Case Study: Chicago 311 Graffiti Data#

Note

Source: Adapted from scalaworkshop by George K. Thiruvathukal and Konstantin Läufer. Data is published by the City of Chicago under the Chicago Data Portal open data licence.

The Chicago Data Portal (data.cityofchicago.org) publishes hundreds of datasets covering city services, crime, transportation, and more. All are freely downloadable as CSV or JSON. This case study works through the entire data pipeline — fetch, load, aggregate, filter, visualize — using the 311 Graffiti Removal dataset, which records every public graffiti removal request submitted to the city.

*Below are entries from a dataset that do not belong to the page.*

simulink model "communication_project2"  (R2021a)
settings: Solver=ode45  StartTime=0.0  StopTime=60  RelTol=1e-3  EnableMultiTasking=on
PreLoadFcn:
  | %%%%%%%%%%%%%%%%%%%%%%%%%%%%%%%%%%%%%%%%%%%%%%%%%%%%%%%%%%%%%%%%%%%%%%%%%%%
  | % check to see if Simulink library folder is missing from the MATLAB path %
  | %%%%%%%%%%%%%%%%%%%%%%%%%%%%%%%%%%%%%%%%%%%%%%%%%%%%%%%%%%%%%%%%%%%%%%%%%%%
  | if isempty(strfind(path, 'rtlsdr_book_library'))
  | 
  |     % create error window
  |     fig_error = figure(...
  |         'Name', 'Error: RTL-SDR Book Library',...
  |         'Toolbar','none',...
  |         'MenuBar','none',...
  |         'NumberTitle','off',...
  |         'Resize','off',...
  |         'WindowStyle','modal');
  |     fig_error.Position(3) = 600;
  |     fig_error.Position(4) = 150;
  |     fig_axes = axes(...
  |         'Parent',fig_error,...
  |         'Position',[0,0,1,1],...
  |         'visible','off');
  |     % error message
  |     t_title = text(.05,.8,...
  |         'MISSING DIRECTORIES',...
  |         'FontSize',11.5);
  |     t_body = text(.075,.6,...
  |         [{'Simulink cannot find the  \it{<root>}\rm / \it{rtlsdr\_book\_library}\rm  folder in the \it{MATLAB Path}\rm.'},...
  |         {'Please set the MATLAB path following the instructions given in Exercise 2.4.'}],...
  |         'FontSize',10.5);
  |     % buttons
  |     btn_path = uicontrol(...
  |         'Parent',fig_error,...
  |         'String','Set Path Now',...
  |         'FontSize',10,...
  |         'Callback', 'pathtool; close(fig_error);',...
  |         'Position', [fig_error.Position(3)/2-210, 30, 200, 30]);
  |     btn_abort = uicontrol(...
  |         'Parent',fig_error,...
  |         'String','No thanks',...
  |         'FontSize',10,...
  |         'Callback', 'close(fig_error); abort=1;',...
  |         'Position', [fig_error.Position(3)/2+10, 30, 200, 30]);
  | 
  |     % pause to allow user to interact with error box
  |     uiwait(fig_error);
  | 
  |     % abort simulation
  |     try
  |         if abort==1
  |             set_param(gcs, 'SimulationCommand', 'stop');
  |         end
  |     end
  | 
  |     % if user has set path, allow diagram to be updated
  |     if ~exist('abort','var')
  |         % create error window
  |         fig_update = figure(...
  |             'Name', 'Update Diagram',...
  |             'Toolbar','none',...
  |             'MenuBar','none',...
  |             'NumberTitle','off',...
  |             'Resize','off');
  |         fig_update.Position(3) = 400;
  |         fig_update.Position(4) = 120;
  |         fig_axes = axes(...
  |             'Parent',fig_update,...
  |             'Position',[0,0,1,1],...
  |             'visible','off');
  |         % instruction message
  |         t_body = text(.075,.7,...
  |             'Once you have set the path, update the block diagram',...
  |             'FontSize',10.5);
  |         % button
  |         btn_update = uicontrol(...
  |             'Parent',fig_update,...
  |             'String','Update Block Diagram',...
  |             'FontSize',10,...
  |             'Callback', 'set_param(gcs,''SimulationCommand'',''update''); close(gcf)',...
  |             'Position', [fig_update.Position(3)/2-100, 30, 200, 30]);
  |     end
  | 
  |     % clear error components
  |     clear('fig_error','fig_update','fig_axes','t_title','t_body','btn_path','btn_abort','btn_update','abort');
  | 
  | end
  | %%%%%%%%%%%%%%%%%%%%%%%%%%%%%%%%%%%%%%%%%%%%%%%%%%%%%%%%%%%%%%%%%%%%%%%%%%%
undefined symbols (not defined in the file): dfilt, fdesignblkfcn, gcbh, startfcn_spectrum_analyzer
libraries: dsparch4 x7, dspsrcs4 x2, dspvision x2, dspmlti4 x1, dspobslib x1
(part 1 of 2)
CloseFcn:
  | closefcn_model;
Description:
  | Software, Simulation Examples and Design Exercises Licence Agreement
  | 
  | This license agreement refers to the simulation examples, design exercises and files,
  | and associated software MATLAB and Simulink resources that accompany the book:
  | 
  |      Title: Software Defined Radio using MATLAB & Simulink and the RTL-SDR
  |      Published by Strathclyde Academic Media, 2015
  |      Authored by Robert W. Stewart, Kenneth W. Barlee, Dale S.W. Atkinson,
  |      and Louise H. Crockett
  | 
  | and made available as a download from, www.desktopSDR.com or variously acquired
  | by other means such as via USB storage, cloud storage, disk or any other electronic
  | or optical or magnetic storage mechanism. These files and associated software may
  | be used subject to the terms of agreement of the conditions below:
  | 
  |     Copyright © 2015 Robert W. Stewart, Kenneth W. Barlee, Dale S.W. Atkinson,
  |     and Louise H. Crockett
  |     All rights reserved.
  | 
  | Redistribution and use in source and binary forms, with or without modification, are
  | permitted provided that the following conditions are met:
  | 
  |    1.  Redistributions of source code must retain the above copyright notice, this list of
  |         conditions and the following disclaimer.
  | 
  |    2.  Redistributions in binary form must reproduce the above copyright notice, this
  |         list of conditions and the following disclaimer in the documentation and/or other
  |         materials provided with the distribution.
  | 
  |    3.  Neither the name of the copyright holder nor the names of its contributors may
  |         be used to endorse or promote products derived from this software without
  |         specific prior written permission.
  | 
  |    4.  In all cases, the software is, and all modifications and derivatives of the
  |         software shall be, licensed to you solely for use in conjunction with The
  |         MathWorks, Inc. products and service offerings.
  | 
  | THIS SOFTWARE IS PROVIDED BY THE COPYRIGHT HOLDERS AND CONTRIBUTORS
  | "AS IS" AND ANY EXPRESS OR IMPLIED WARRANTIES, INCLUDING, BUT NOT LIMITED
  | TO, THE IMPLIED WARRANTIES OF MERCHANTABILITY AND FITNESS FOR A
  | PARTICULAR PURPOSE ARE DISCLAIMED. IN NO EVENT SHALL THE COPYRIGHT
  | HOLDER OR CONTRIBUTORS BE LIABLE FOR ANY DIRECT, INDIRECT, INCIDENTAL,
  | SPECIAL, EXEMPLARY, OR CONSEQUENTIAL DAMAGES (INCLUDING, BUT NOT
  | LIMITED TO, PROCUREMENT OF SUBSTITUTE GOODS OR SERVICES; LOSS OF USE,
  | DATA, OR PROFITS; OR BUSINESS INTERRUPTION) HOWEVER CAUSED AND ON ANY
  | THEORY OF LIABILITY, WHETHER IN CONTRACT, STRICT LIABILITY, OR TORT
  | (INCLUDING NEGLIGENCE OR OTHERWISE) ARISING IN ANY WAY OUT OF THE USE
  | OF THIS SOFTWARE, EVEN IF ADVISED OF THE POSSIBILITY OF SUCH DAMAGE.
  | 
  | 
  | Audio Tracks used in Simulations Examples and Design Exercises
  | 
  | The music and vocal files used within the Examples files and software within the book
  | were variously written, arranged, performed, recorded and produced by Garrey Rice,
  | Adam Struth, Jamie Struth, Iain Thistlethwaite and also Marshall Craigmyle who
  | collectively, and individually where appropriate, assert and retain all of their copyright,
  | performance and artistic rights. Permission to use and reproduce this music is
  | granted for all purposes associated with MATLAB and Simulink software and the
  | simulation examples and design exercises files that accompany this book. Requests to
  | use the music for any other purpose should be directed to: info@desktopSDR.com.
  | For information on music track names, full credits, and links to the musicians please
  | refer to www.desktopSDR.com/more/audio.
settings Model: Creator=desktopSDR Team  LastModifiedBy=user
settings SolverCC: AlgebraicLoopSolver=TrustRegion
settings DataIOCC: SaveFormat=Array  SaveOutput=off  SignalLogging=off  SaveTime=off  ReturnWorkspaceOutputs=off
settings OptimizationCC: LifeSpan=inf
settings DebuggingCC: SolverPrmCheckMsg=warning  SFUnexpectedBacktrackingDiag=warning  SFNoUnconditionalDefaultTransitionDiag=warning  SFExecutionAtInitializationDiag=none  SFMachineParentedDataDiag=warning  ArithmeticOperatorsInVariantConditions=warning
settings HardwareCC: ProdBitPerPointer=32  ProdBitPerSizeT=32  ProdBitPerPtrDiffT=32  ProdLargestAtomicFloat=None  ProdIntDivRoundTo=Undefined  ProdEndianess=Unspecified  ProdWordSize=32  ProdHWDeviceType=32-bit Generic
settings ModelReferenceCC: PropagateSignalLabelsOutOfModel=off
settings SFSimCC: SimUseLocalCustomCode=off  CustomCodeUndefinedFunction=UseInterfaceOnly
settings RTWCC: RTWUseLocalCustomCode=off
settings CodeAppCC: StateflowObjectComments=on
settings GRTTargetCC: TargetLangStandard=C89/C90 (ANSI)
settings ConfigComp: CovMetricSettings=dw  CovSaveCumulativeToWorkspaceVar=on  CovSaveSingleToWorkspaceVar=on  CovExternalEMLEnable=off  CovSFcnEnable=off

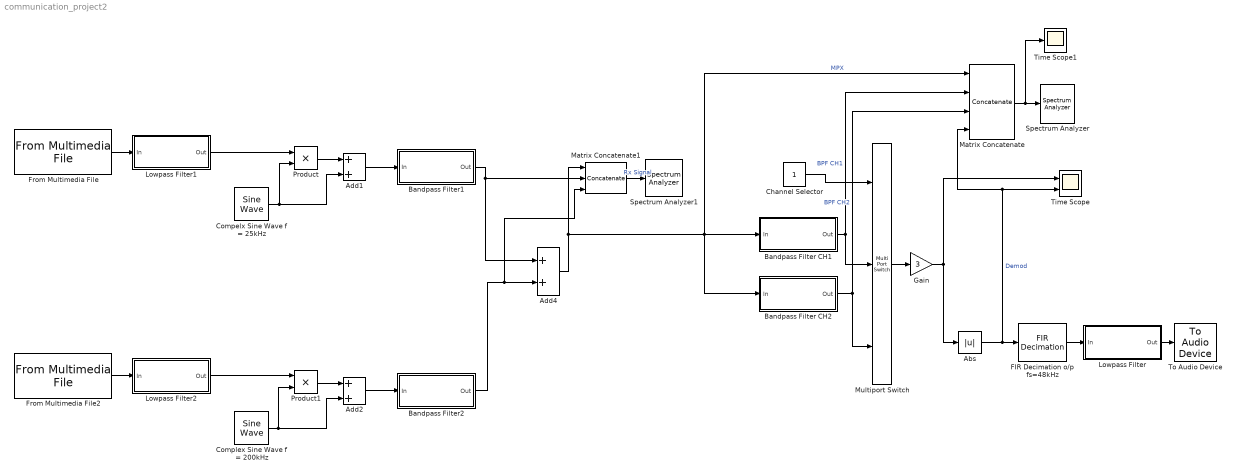
== system communication_project2 ==
  Abs : Abs
  Add1 : Sum
  Add2 : Sum
  Add4 : Sum
  Bandpass Filter CH1 : Subsystem  DialogController=fdesignblkfcn  InitFcn=fdesignblkfcn(gcbh, {'InitFcn'});  mask(Bandpass Filter){}
      mask help: Design a bandpass filter
      settings: CopyFcn=fdesignblkfcn(gcbh, {'CopyFcn'});
      mask Help: helpview(mapfilelocation('dsp'), 'dspbandpassfilter');
      mask Display: disp('Bandpass');
  Bandpass Filter CH2 : Subsystem  DialogController=fdesignblkfcn  InitFcn=fdesignblkfcn(gcbh, {'InitFcn'});  mask(Bandpass Filter){}
      mask help: Design a bandpass filter
      settings: CopyFcn=fdesignblkfcn(gcbh, {'CopyFcn'});
      mask Help: helpview(mapfilelocation('dsp'), 'dspbandpassfilter');
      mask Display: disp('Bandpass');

The URL for the full dataset is:

https://data.cityofchicago.org/api/views/hec5-y4x5/rows.csv?accessType=DOWNLOAD

Fetching the Dataset#

Python’s standard library module urllib.request can download a file from a URL directly to disk with a single call:

def fetch_graffiti(output: str = "311_graffiti.csv") -> None:
    """Download the 311 Graffiti Removal dataset from the Chicago Data Portal."""
    print(f"Downloading to {output} ...")
    urllib.request.urlretrieve(DATASET_URL, output)
    print("Done.")

urlretrieve(url, filename) streams the remote file to filename without loading the entire response into memory first — important for large datasets.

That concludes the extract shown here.